> _TO DO_
Give the total of lines holding the word "Part" in the records below, and nothing else.

> _PROVIDED MATERIAL_
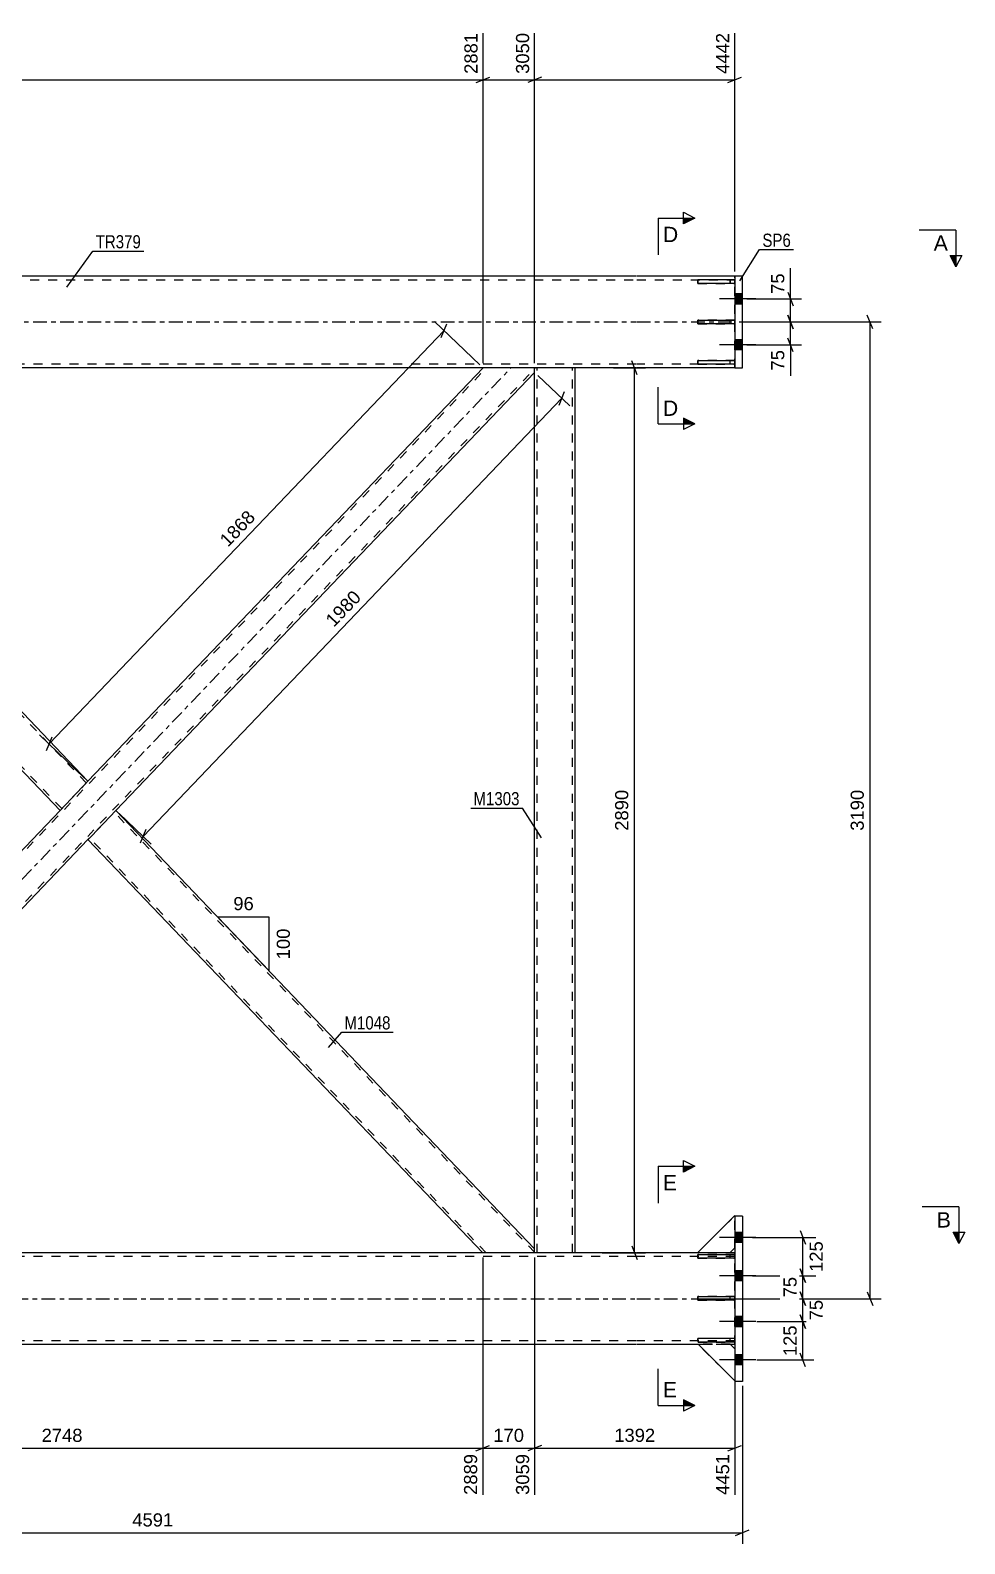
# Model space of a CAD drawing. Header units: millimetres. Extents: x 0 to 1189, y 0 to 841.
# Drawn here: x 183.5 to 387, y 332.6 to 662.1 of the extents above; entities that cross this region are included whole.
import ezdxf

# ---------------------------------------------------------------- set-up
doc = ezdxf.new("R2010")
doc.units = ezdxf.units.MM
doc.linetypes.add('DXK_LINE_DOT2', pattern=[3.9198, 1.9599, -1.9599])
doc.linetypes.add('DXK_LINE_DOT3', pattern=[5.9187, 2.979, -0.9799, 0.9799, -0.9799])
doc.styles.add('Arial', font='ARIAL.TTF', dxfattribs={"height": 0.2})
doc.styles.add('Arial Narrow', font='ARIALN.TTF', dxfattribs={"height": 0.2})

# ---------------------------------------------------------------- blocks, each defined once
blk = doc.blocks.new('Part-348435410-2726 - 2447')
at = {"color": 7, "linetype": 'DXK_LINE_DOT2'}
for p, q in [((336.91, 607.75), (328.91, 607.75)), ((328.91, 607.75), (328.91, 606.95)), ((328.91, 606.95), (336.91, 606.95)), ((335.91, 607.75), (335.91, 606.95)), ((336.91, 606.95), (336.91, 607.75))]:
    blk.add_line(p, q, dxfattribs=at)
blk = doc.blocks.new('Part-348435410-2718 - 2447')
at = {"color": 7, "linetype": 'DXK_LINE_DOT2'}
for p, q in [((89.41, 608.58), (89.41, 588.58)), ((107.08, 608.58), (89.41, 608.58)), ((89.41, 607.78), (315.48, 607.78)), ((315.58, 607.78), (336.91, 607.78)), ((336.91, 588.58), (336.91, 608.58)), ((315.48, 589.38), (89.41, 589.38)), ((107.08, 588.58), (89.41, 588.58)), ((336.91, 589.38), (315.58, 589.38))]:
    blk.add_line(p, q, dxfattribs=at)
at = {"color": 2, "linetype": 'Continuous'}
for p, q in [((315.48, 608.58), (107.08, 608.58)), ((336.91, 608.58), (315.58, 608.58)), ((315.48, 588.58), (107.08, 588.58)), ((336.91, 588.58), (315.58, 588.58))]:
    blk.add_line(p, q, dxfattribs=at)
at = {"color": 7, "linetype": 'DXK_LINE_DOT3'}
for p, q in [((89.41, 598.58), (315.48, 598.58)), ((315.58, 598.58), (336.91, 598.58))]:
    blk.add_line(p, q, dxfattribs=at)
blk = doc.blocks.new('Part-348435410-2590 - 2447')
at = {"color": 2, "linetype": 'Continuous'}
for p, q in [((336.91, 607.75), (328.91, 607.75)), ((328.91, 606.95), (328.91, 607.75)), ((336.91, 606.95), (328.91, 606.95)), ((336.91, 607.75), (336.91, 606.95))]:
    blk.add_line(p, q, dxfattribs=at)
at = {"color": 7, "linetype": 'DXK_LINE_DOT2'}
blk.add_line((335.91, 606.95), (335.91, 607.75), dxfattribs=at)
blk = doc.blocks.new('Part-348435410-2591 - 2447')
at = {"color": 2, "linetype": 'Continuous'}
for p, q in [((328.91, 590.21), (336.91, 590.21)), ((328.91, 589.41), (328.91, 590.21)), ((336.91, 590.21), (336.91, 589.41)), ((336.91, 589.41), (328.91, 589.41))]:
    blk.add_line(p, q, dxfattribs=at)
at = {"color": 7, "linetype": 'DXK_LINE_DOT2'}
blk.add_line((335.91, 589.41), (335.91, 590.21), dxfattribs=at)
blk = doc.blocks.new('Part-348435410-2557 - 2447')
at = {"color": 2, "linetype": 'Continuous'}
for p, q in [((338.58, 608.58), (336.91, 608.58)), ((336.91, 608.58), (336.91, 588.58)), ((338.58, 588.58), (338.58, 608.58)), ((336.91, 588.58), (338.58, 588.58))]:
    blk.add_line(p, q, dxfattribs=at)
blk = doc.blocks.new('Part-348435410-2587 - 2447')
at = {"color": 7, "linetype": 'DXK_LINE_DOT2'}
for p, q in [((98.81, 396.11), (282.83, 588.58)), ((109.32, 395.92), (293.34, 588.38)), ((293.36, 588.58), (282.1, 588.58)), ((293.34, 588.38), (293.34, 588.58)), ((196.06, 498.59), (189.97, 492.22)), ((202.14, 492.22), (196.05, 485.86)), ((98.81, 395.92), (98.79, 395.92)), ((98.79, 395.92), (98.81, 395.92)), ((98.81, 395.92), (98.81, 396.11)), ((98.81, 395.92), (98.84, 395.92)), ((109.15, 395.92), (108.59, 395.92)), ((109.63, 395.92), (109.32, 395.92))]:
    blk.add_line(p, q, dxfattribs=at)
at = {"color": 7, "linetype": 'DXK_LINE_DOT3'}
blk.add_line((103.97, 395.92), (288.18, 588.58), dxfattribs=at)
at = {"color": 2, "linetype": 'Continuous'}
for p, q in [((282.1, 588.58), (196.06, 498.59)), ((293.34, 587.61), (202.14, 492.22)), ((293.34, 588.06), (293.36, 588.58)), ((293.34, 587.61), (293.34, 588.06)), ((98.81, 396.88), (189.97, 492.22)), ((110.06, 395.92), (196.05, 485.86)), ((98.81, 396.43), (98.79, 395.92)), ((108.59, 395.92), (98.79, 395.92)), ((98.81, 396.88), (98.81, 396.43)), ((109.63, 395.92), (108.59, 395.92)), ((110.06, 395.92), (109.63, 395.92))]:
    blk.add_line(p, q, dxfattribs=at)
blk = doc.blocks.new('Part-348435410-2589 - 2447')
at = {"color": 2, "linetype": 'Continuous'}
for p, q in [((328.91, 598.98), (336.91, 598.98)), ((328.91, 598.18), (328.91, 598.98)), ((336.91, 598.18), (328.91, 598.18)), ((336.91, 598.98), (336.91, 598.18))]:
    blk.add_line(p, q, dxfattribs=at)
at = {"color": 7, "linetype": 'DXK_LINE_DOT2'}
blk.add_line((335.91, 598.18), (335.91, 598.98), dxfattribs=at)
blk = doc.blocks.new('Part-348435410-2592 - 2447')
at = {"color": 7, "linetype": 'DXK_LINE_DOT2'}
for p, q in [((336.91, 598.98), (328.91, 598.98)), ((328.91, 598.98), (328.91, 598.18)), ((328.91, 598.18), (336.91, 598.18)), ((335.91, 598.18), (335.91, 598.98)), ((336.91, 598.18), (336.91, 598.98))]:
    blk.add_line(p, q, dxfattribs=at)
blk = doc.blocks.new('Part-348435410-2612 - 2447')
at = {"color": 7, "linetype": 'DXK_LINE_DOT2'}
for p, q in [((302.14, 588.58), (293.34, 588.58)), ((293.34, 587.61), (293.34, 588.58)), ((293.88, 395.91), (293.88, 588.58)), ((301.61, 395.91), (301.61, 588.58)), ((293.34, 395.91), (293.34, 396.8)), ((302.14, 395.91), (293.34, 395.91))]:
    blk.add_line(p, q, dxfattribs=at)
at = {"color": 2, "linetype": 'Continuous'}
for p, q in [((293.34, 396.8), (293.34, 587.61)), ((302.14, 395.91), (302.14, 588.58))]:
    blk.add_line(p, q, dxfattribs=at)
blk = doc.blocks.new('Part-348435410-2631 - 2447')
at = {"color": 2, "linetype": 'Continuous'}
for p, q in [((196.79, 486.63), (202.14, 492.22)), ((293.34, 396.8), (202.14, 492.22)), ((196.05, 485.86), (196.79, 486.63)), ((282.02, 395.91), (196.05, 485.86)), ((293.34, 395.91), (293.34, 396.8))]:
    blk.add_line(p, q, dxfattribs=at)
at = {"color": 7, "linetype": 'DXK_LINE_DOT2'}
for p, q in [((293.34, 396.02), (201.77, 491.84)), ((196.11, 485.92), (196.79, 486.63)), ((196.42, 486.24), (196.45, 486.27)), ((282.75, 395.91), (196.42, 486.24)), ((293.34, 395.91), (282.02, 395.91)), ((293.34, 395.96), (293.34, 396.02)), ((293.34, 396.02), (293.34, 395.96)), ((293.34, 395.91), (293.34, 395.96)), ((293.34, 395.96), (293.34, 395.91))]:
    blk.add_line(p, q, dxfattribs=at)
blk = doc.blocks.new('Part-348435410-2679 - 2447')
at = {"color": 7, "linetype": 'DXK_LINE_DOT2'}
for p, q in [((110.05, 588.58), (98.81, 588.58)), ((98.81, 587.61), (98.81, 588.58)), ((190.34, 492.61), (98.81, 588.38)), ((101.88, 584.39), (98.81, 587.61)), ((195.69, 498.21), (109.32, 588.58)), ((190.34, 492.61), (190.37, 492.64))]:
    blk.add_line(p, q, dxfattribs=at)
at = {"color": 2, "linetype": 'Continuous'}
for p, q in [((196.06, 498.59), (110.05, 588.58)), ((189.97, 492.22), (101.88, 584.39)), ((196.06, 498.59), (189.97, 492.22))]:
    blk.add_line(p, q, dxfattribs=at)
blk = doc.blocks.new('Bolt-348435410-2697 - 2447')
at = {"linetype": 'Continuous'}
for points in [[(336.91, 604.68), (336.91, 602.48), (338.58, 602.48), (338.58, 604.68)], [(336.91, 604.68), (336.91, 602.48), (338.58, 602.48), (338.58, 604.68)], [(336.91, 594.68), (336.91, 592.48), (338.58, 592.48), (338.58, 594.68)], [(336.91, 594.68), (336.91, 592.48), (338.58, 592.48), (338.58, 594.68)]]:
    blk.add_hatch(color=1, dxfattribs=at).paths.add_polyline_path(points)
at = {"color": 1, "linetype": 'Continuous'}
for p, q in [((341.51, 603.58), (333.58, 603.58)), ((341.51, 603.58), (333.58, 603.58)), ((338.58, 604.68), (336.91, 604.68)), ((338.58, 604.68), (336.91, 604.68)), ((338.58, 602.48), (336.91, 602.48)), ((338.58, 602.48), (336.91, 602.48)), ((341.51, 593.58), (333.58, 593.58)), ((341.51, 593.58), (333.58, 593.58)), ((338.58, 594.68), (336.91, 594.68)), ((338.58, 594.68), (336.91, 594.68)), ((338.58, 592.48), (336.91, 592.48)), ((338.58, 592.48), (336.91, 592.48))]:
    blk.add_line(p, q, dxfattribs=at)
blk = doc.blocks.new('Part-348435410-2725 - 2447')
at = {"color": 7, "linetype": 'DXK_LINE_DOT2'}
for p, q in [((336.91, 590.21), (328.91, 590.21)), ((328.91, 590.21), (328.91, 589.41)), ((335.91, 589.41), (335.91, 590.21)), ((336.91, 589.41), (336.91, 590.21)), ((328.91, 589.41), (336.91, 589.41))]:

> _ANSWER TO THE PROBLEM_
12